According to the Connective Tissue Disorder website, the link between gum sensitivity and menstruation is, in rare cases, associated with a more serious bleeding disorder. Von Willebrand disease is a genetic bleeding disorder that may be characterized by heavy menstrual bleeding, excessive bleeding after dental surgery and bleeding during tooth brushing. If your menstrual or gum bleeding seems excessive, talk to a doctor to rule out serious conditions.

Time Frame

While there is no "cure" for the fluctuations in your dental health during your period, you can avoid added discomfort by scheduling your dental surgery during a time outside your premenstrual or menstrual phases. Peterson advises paying attention to your body, since some women experience sensitivity just prior to their periods, while others are affected during menstruation. Talk to your dentist or oral surgeon about when to schedule surgery.
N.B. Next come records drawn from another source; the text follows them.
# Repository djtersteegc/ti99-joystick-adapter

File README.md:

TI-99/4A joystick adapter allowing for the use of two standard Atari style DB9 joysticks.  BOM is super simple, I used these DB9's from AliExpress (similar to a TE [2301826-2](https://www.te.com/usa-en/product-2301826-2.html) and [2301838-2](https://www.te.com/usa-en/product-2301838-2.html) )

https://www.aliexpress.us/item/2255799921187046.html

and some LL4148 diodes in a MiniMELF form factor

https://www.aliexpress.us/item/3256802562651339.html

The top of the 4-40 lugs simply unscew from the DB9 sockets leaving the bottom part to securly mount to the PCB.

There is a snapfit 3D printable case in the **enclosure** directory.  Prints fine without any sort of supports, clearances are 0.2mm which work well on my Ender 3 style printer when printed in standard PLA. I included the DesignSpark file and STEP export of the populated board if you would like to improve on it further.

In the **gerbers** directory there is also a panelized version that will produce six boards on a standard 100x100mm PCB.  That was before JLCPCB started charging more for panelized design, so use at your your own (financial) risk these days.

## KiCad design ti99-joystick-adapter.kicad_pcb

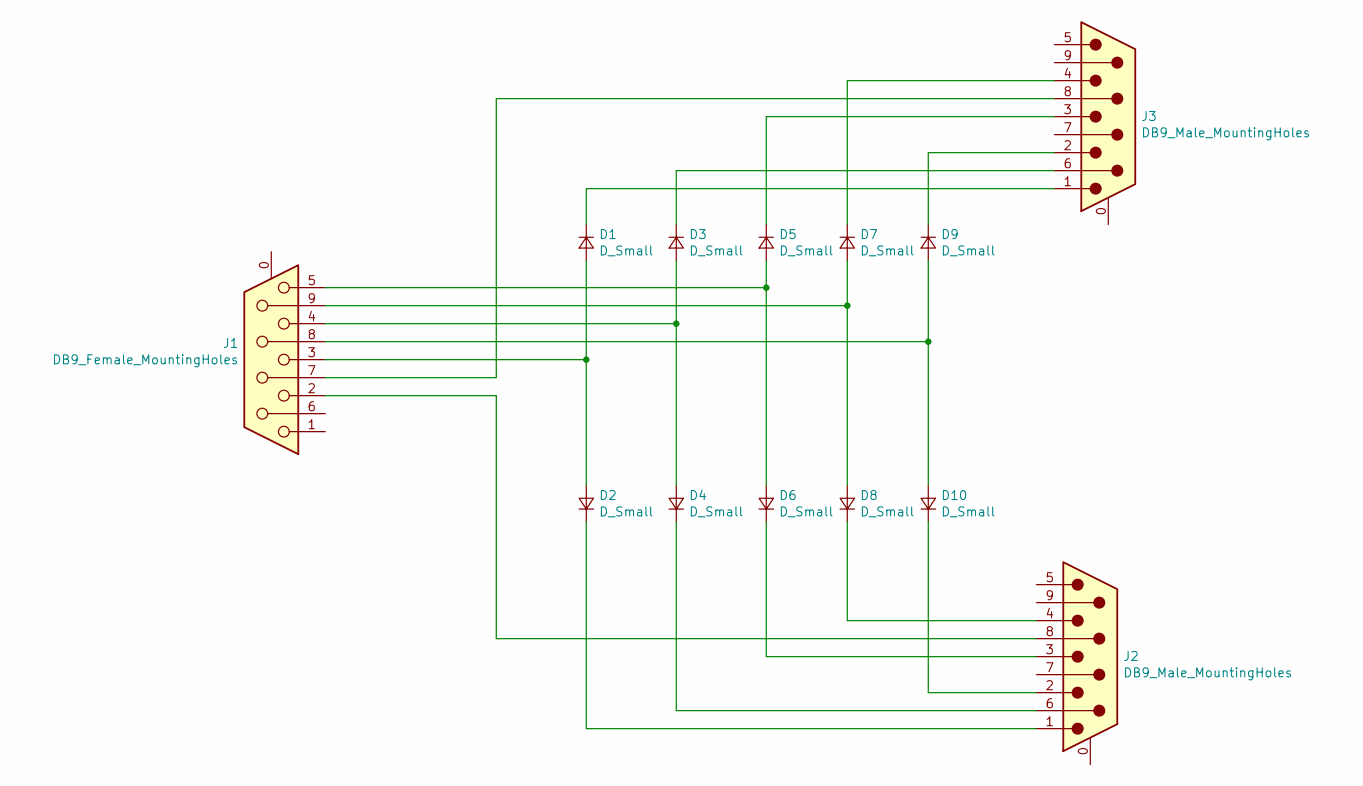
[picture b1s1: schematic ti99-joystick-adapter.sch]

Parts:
D1, D2, D3, D4, D5, D6, D7, D8, D9, D10: D_Small; D_MiniMELF_Handsoldering
J1: DB9_Female_MountingHoles; DSUB-9_Female_Vertical_P2.77x2.84mm_MountingHoles
J2, J3: DB9_Male_MountingHoles; DSUB-9_Male_Vertical_P2.77x2.84mm_MountingHoles

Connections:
unnamed: D1.1 (K), J3.1
unnamed: D1.2 (A), D2.2 (A), J1.3
unnamed: D2.1 (K), J2.1
unnamed: D3.1 (K), J3.6
unnamed: D3.2 (A), D4.2 (A), J1.4
unnamed: D4.1 (K), J2.6
unnamed: D5.1 (K), J3.3
unnamed: D5.2 (A), D6.2 (A), J1.5
unnamed: D6.1 (K), J2.3
unnamed: D7.1 (K), J3.4
unnamed: D7.2 (A), D8.2 (A), J1.9
unnamed: D8.1 (K), J2.4
unnamed: D9.1 (K), J3.2
unnamed: D10.1 (K), J2.2
unnamed: D9.2 (A), D10.2 (A), J1.8
unnamed: J1.2, J2.8
unnamed: J1.7, J3.8

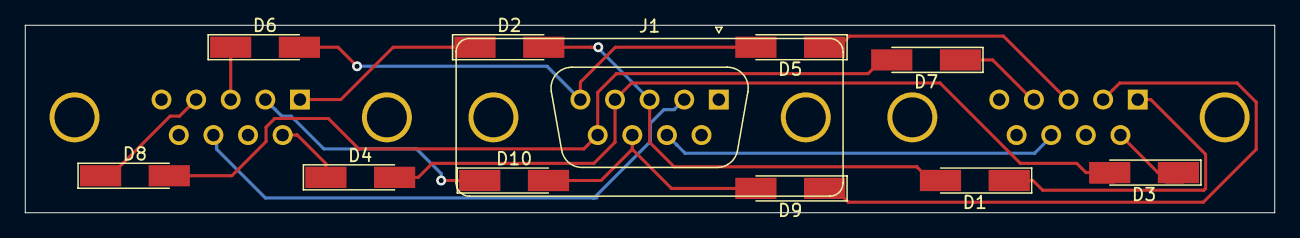
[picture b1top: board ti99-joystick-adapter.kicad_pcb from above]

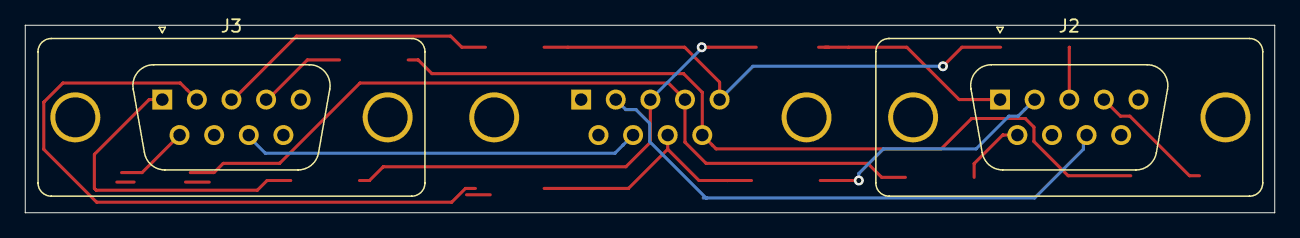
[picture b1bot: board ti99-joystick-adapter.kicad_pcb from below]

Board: 2 copper layers, 100.0 x 15.0 mm, 13 parts (2 on the bottom side), 17 nets.

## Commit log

2021-02-28 Initial version set to JCL
2022-05-03 Add new files
2022-11-08 Fixup 3D models
2022-11-08 Add enclosure
2022-11-08 Fix README

If your gum sensitivity, bleeding or herpes outbreaks become intolerable during or near menstruation, your dentist may advise you on prevention. A conscientious regimen of oral hygiene is essential, reports the American Dental Association. In addition, your dentist or physician may prescribe preventative topical or oral anti-herpes medications to prevent outbreaks. If you experience a type of ulcer called an aphthous ulcer or if your herpes sores are painful, your doctor or dentist may provide you with a topical painkiller.


There are many ways in which your dental health as a woman is unique and ever-changing. By paying attention to your body, you can work with your health care provider to find the best ways of maintaining your oral and dental health. According to Peterson on the Gentle Dental Care website, you should communicate freely with your dentist about any medications or hormones you may be taking.